Noah: Hi Professor. How does this differ from other self-evolution or self-play frameworks? Aren't they also trying to move away from human data?
John: An excellent question. Many existing self-evolution frameworks hit a capability ceiling. The model generates tasks based on its current knowledge, so the tasks rarely exceed its own complexity, leading to learning stagnation. Agent0 tries to solve this by creating a dynamic where two agents push each other to improve in a structured, competitive way.
Noah: Two agents?
John: Correct. The core of the methodology is a co-evolutionary loop between two agents initialized from the same base model. First, you have the Curriculum Agent, whose job is to generate challenging problems. Second, you have the Executor Agent, whose job is to solve those problems. They operate in an iterative cycle. In each iteration, the Curriculum Agent is trained with reinforcement learning to generate tasks that are just at the edge of the current Executor Agent's ability. Then, that new, harder curriculum is used to train and improve the Executor Agent. This creates a feedback loop where the curriculum gets harder as the solver gets smarter.
Noah: So what keeps the Curriculum Agent from just generating nonsense or a million variations of the same hard problem?

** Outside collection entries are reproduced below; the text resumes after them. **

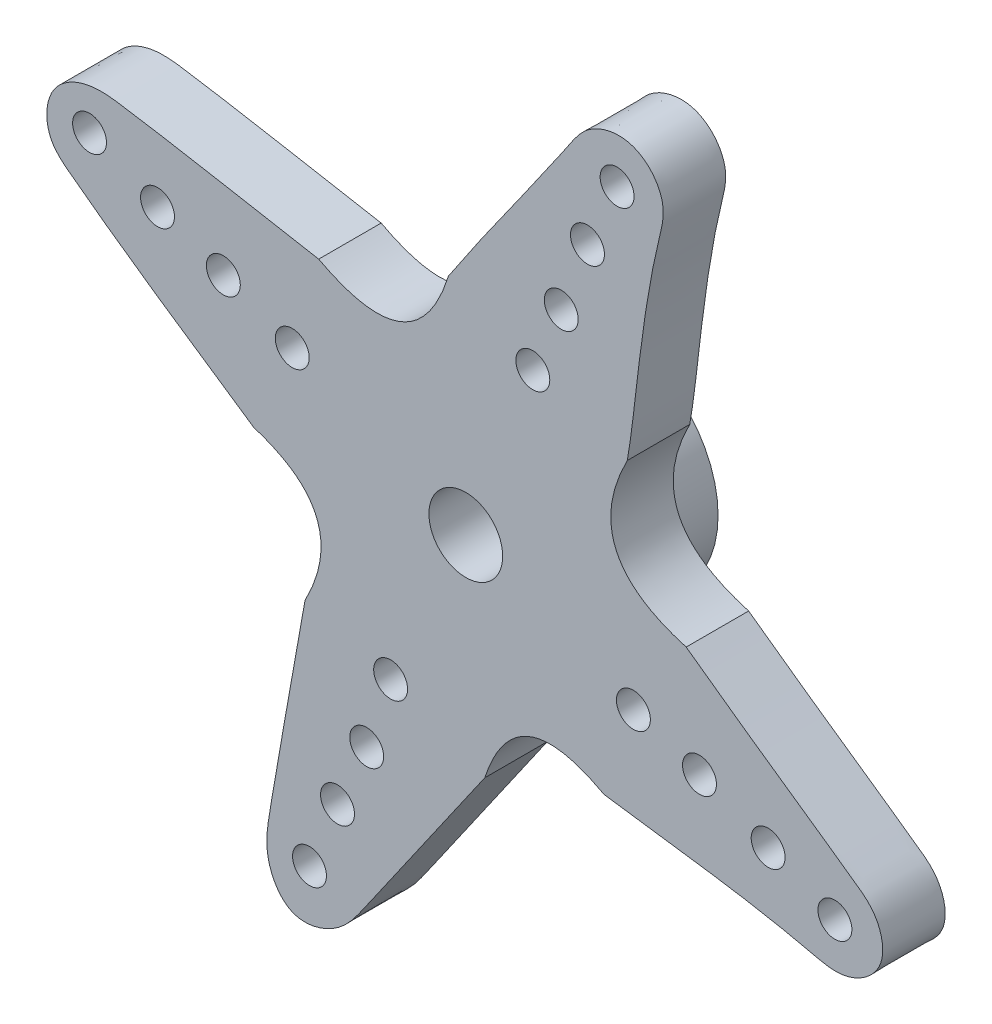
ISO-10303-21;
HEADER;
FILE_DESCRIPTION(('STEP AP214'),'2;1');
FILE_NAME('part.step','',(''),(''),'','','');
FILE_SCHEMA(('AUTOMOTIVE_DESIGN { 1 0 10303 214 1 1 1 1 }'));
ENDSEC;
DATA;
#1=APPLICATION_CONTEXT('core data for automotive mechanical design processes');
#2=APPLICATION_PROTOCOL_DEFINITION('international standard','automotive_design',2000,#1);
#3=PRODUCT_CONTEXT('',#1,'mechanical');
#4=PRODUCT('Part','Part','',(#3));
#5=PRODUCT_RELATED_PRODUCT_CATEGORY('part','',(#4));
#6=PRODUCT_DEFINITION_FORMATION('','',#4);
#7=PRODUCT_DEFINITION_CONTEXT('part definition',#1,'design');
#8=PRODUCT_DEFINITION('design','',#6,#7);
#9=PRODUCT_DEFINITION_SHAPE('','',#8);
#10=(LENGTH_UNIT() NAMED_UNIT(*) SI_UNIT(.MILLI.,.METRE.));
#11=(NAMED_UNIT(*) PLANE_ANGLE_UNIT() SI_UNIT($,.RADIAN.));
#12=(NAMED_UNIT(*) SI_UNIT($,.STERADIAN.) SOLID_ANGLE_UNIT());
#13=UNCERTAINTY_MEASURE_WITH_UNIT(LENGTH_MEASURE(1.E-05),#10,'distance_accuracy_value','');
#14=(GEOMETRIC_REPRESENTATION_CONTEXT(3) GLOBAL_UNCERTAINTY_ASSIGNED_CONTEXT((#13)) GLOBAL_UNIT_ASSIGNED_CONTEXT((#10,
#11,#12)) REPRESENTATION_CONTEXT('',''));
#15=CARTESIAN_POINT('',(0.,0.,0.));
#16=DIRECTION('',(0.,0.,1.));
#17=DIRECTION('',(1.,0.,0.));
#18=AXIS2_PLACEMENT_3D('',#15,#16,#17);
#19=CARTESIAN_POINT('',(6.82853944152075,17.0743412386927,2.54));
#20=DIRECTION('',(0.,0.,1.));
#21=DIRECTION('',(1.,0.,0.));
#22=AXIS2_PLACEMENT_3D('',#19,#20,#21);
#23=PLANE('',#22);
#24=CARTESIAN_POINT('',(15.0110323014964,-6.04474796311474,2.54));
#25=DIRECTION('',(0.,0.,1.));
#26=DIRECTION('',(1.,0.,0.));
#27=AXIS2_PLACEMENT_3D('',#24,#25,#26);
#28=CIRCLE('',#27,0.689564765000003);
#29=CARTESIAN_POINT('',(15.7005970664964,-6.04474796311474,2.54));
#30=VERTEX_POINT('',#29);
#31=EDGE_CURVE('E1509',#30,#30,#28,.T.);
#32=ORIENTED_EDGE('',*,*,#31,.F.);
#33=EDGE_LOOP('',(#32));
#34=FACE_BOUND('',#33,.T.);
#35=CARTESIAN_POINT('',(9.50380695056552,-3.69400279681072,2.54));
#36=DIRECTION('',(0.,0.,1.));
#37=DIRECTION('',(1.,0.,0.));
#38=AXIS2_PLACEMENT_3D('',#35,#36,#37);
#39=CIRCLE('',#38,0.689564765000001);
#40=CARTESIAN_POINT('',(10.1933717155655,-3.69400279681072,2.54));
#41=VERTEX_POINT('',#40);
#42=EDGE_CURVE('E1522',#41,#41,#39,.T.);
#43=ORIENTED_EDGE('',*,*,#42,.F.);
#44=EDGE_LOOP('',(#43));
#45=FACE_BOUND('',#44,.T.);
#46=CARTESIAN_POINT('',(6.15355173549287,15.3431479204628,2.54));
#47=DIRECTION('',(0.,0.,1.));
#48=DIRECTION('',(1.,0.,0.));
#49=AXIS2_PLACEMENT_3D('',#46,#47,#48);
#50=CIRCLE('',#49,0.689564764999999);
#51=CARTESIAN_POINT('',(6.84311650049287,15.3431479204628,2.54));
#52=VERTEX_POINT('',#51);
#53=EDGE_CURVE('E1530',#52,#52,#50,.T.);
#54=ORIENTED_EDGE('',*,*,#53,.F.);
#55=EDGE_LOOP('',(#54));
#56=FACE_BOUND('',#55,.T.);
#57=CARTESIAN_POINT('',(3.88207996758738,9.87307305081287,2.54));
#58=DIRECTION('',(0.,0.,1.));
#59=DIRECTION('',(1.,0.,0.));
#60=AXIS2_PLACEMENT_3D('',#57,#58,#59);
#61=CIRCLE('',#60,0.689564764999999);
#62=CARTESIAN_POINT('',(4.57164473258738,9.87307305081287,2.54));
#63=VERTEX_POINT('',#62);
#64=EDGE_CURVE('E1538',#63,#63,#61,.T.);
#65=ORIENTED_EDGE('',*,*,#64,.F.);
#66=EDGE_LOOP('',(#65));
#67=FACE_BOUND('',#66,.T.);
#68=CARTESIAN_POINT('',(-15.299960499322,6.51066111786951,2.54));
#69=DIRECTION('',(0.,0.,1.));
#70=DIRECTION('',(1.,0.,0.));
#71=AXIS2_PLACEMENT_3D('',#68,#69,#70);
#72=CIRCLE('',#71,0.689564765000001);
#73=CARTESIAN_POINT('',(-14.610395734322,6.51066111786951,2.54));
#74=VERTEX_POINT('',#73);
#75=EDGE_CURVE('E1546',#74,#74,#72,.T.);
#76=ORIENTED_EDGE('',*,*,#75,.F.);
#77=EDGE_LOOP('',(#76));
#78=FACE_BOUND('',#77,.T.);
#79=CARTESIAN_POINT('',(-9.85922555833631,4.21630227451655,2.54));
#80=DIRECTION('',(0.,0.,1.));
#81=DIRECTION('',(1.,0.,0.));
#82=AXIS2_PLACEMENT_3D('',#79,#80,#81);
#83=CIRCLE('',#82,0.689564765000001);
#84=CARTESIAN_POINT('',(-9.16966079333631,4.21630227451655,2.54));
#85=VERTEX_POINT('',#84);
#86=EDGE_CURVE('E1554',#85,#85,#83,.T.);
#87=ORIENTED_EDGE('',*,*,#86,.F.);
#88=EDGE_LOOP('',(#87));
#89=FACE_BOUND('',#88,.T.);
#90=CARTESIAN_POINT('',(-6.35515129323099,-14.8372029157483,2.54));
#91=DIRECTION('',(0.,0.,1.));
#92=DIRECTION('',(1.,0.,0.));
#93=AXIS2_PLACEMENT_3D('',#90,#91,#92);
#94=CIRCLE('',#93,0.689564764999999);
#95=CARTESIAN_POINT('',(-5.66558652823099,-14.8372029157483,2.54));
#96=VERTEX_POINT('',#95);
#97=EDGE_CURVE('E1562',#96,#96,#94,.T.);
#98=ORIENTED_EDGE('',*,*,#97,.F.);
#99=EDGE_LOOP('',(#98));
#100=FACE_BOUND('',#99,.T.);
#101=CARTESIAN_POINT('',(-4.02933004456876,-9.48240515720032,2.54));
#102=DIRECTION('',(0.,0.,1.));
#103=DIRECTION('',(1.,0.,0.));
#104=AXIS2_PLACEMENT_3D('',#101,#102,#103);
#105=CIRCLE('',#104,0.689564765);
#106=CARTESIAN_POINT('',(-3.33976527956876,-9.48240515720032,2.54));
#107=VERTEX_POINT('',#106);
#108=EDGE_CURVE('E1570',#107,#107,#105,.T.);
#109=ORIENTED_EDGE('',*,*,#108,.F.);
#110=EDGE_LOOP('',(#109));
#111=FACE_BOUND('',#110,.T.);
#112=CARTESIAN_POINT('',(-0.703210077517724,8.76805022749938,2.54));
#113=CARTESIAN_POINT('',(1.0381039908637,11.4145666756958,2.54));
#114=CARTESIAN_POINT('',(2.72632780891961,13.6001825715562,2.54));
#115=CARTESIAN_POINT('',(4.9857595076741,17.02869940722,2.54));
#116=CARTESIAN_POINT('',(6.94499629770619,17.4757430128905,2.54));
#117=CARTESIAN_POINT('',(8.24923979238083,15.8420364505879,2.54));
#118=CARTESIAN_POINT('',(7.12374128944502,11.6665294451666,2.54));
#119=CARTESIAN_POINT('',(6.91279609115673,7.79561059767481,2.54));
#120=CARTESIAN_POINT('',(6.56712149500294,5.90543390832021,2.54));
#121=B_SPLINE_CURVE_WITH_KNOTS('',3,(#112,#113,#114,#115,#116,#117,#118,#119,#120),
.UNSPECIFIED.,.F.,.F.,(4,1,1,1,1,1,4),(0.,0.368171065262444,0.418118471817799,0.499474065553551,
0.581227244319548,0.631279837764193,1.),.UNSPECIFIED.);
#122=CARTESIAN_POINT('',(-0.703210077517724,8.76805022749938,2.54));
#123=VERTEX_POINT('',#122);
#124=CARTESIAN_POINT('',(6.56712149500294,5.90543390832021,2.54));
#125=VERTEX_POINT('',#124);
#126=EDGE_CURVE('E1330',#123,#125,#121,.T.);
#127=ORIENTED_EDGE('',*,*,#126,.F.);
#128=CARTESIAN_POINT('',(-0.703210077517724,8.76805022749938,2.54));
#129=CARTESIAN_POINT('',(-2.00862770502038,4.60560126571447,2.54));
#130=CARTESIAN_POINT('',(-5.98058844150273,6.72376397762608,2.54));
#131=B_SPLINE_CURVE_WITH_KNOTS('',2,(#128,#129,#130),.UNSPECIFIED.,.F.,.F.,(3,3),(0.,1.),.UNSPECIFIED.);
#132=CARTESIAN_POINT('',(-5.98058844150273,6.72376397762608,2.54));
#133=VERTEX_POINT('',#132);
#134=EDGE_CURVE('E1274',#123,#133,#131,.T.);
#135=ORIENTED_EDGE('',*,*,#134,.T.);
#136=CARTESIAN_POINT('',(-8.62512041047836,-0.523225883449996,2.54));
#137=CARTESIAN_POINT('',(-12.0915100625833,1.82548059142509,2.54));
#138=CARTESIAN_POINT('',(-13.6556544540435,2.85197258646134,2.54));
#139=CARTESIAN_POINT('',(-17.1250188284723,5.4628982619902,2.54));
#140=CARTESIAN_POINT('',(-17.0830031073306,7.51790593543252,2.54));
#141=CARTESIAN_POINT('',(-15.3867381584555,8.3519591654845,2.54));
#142=CARTESIAN_POINT('',(-11.0921197480101,7.67928259894828,2.54));
#143=CARTESIAN_POINT('',(-8.69928178717215,7.19505935389887,2.54));
#144=CARTESIAN_POINT('',(-5.98058844150273,6.72376397762608,2.54));
#145=B_SPLINE_CURVE_WITH_KNOTS('',3,(#136,#137,#138,#139,#140,#141,#142,#143,#144),
.UNSPECIFIED.,.F.,.F.,(4,1,1,1,1,1,4),(0.,0.388587578903851,0.43995621972371,0.51368640819859,
0.605056424474045,0.653687783654186,1.),.UNSPECIFIED.);
#146=CARTESIAN_POINT('',(-8.62512041047836,-0.523225883449996,2.54));
#147=VERTEX_POINT('',#146);
#148=EDGE_CURVE('E1258',#147,#133,#145,.T.);
#149=ORIENTED_EDGE('',*,*,#148,.F.);
#150=CARTESIAN_POINT('',(-6.53821398719145,-5.57486786039796,2.54));
#151=CARTESIAN_POINT('',(-4.54840958840828,-1.79079774714659,2.54));
#152=CARTESIAN_POINT('',(-8.62512041047836,-0.523225883449996,2.54));
#153=B_SPLINE_CURVE_WITH_KNOTS('',2,(#150,#151,#152),.UNSPECIFIED.,.F.,.F.,(3,3),(0.,1.),.UNSPECIFIED.);
#154=CARTESIAN_POINT('',(-6.53821398719145,-5.57486786039796,2.54));
#155=VERTEX_POINT('',#154);
#156=EDGE_CURVE('E1272',#155,#147,#153,.T.);
#157=ORIENTED_EDGE('',*,*,#156,.F.);
#158=CARTESIAN_POINT('',(0.771597820303782,-8.16692335038116,2.54));
#159=CARTESIAN_POINT('',(-1.49853710820962,-11.4058595502788,2.54));
#160=CARTESIAN_POINT('',(-2.57211491436518,-12.9915947512976,2.54));
#161=CARTESIAN_POINT('',(-5.13486791395281,-16.6353923908952,2.54));
#162=CARTESIAN_POINT('',(-7.24838551555575,-17.3265199853754,2.54));
#163=CARTESIAN_POINT('',(-8.23457956530067,-15.3840753756716,2.54));
#164=CARTESIAN_POINT('',(-7.56070229322394,-11.154226455588,2.54));
#165=CARTESIAN_POINT('',(-7.16903812645431,-9.21402013025002,2.54));
#166=CARTESIAN_POINT('',(-6.53821398719145,-5.57486786039796,2.54));
#167=B_SPLINE_CURVE_WITH_KNOTS('',3,(#158,#159,#160,#161,#162,#163,#164,#165,#166),
.UNSPECIFIED.,.F.,.F.,(4,1,1,1,1,1,4),(0.,0.370191431555256,0.421116933554674,0.509255019994183,
0.593777602652699,0.642852100653281,1.),.UNSPECIFIED.);
#168=CARTESIAN_POINT('',(0.771597820303782,-8.16692335038116,2.54));
#169=VERTEX_POINT('',#168);
#170=EDGE_CURVE('E1277',#169,#155,#167,.T.);
#171=ORIENTED_EDGE('',*,*,#170,.F.);
#172=CARTESIAN_POINT('',(5.62582924939647,-6.32934571457167,2.54));
#173=CARTESIAN_POINT('',(2.02488525383602,-4.34414970674427,2.54));
#174=CARTESIAN_POINT('',(0.771597820303782,-8.16692335038116,2.54));
#175=B_SPLINE_CURVE_WITH_KNOTS('',2,(#172,#173,#174),.UNSPECIFIED.,.F.,.F.,(3,3),(0.,1.),.UNSPECIFIED.);
#176=CARTESIAN_POINT('',(5.62582924939648,-6.32934571457167,2.54));
#177=VERTEX_POINT('',#176);
#178=EDGE_CURVE('E1279',#177,#169,#175,.T.);
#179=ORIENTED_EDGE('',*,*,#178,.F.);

John: That's the critical part of its design. The Curriculum Agent isn't just trying to make hard problems; it's optimizing a specific, composite reward signal. This signal has three key components. First, an 'uncertainty reward' which encourages tasks where the Executor Agent shows low confidence—meaning the problem is not too easy and not impossibly hard. Second, a 'repetition penalty' that discourages generating tasks similar to others in the same batch, ensuring diversity. And third, and most importantly, a 'tool use reward.' This explicitly incentivizes the generation of tasks that require the Executor to use an external tool, like a code interpreter.
Noah: Wait, so the curriculum itself learns to integrate tools? That seems to be the key difference.
John: Exactly. This tool integration is what prevents the stagnation we talked about. By rewarding tool use, the curriculum forces the Executor to solve problems that may be beyond its innate reasoning capacity. As the Executor gets better at using tools, the Curriculum Agent must then generate even more complex, tool-reliant tasks to remain challenging. This creates a 'virtuous cycle' that drives both agents' capabilities upward simultaneously. The paper shows this clearly: over iterations, the generated tasks required progressively more tool calls.
Noah: Okay, that makes sense for the curriculum. But what about the Executor? How do you train it with RL when the 'correct' answer is also generated by a model and might be noisy or outright wrong?
John: That's the other main technical contribution. They introduce a method called Ambiguity-Dynamic Policy Optimization, or ADPO. First, for each problem, they generate multiple solutions and use majority voting to create a pseudo-label. They then calculate the model's self-consistency, which is the proportion of responses that agree with that majority answer. ADPO uses this self-consistency score to dynamically adjust the training process. For tasks with low agreement, where the pseudo-label is unreliable, it scales down the learning signal to prevent overfitting to a potentially incorrect answer. It also relaxes the training constraints for these ambiguous tasks, allowing for more exploration of alternative reasoning paths. This makes the training process robust to the inherent noise of self-generated data.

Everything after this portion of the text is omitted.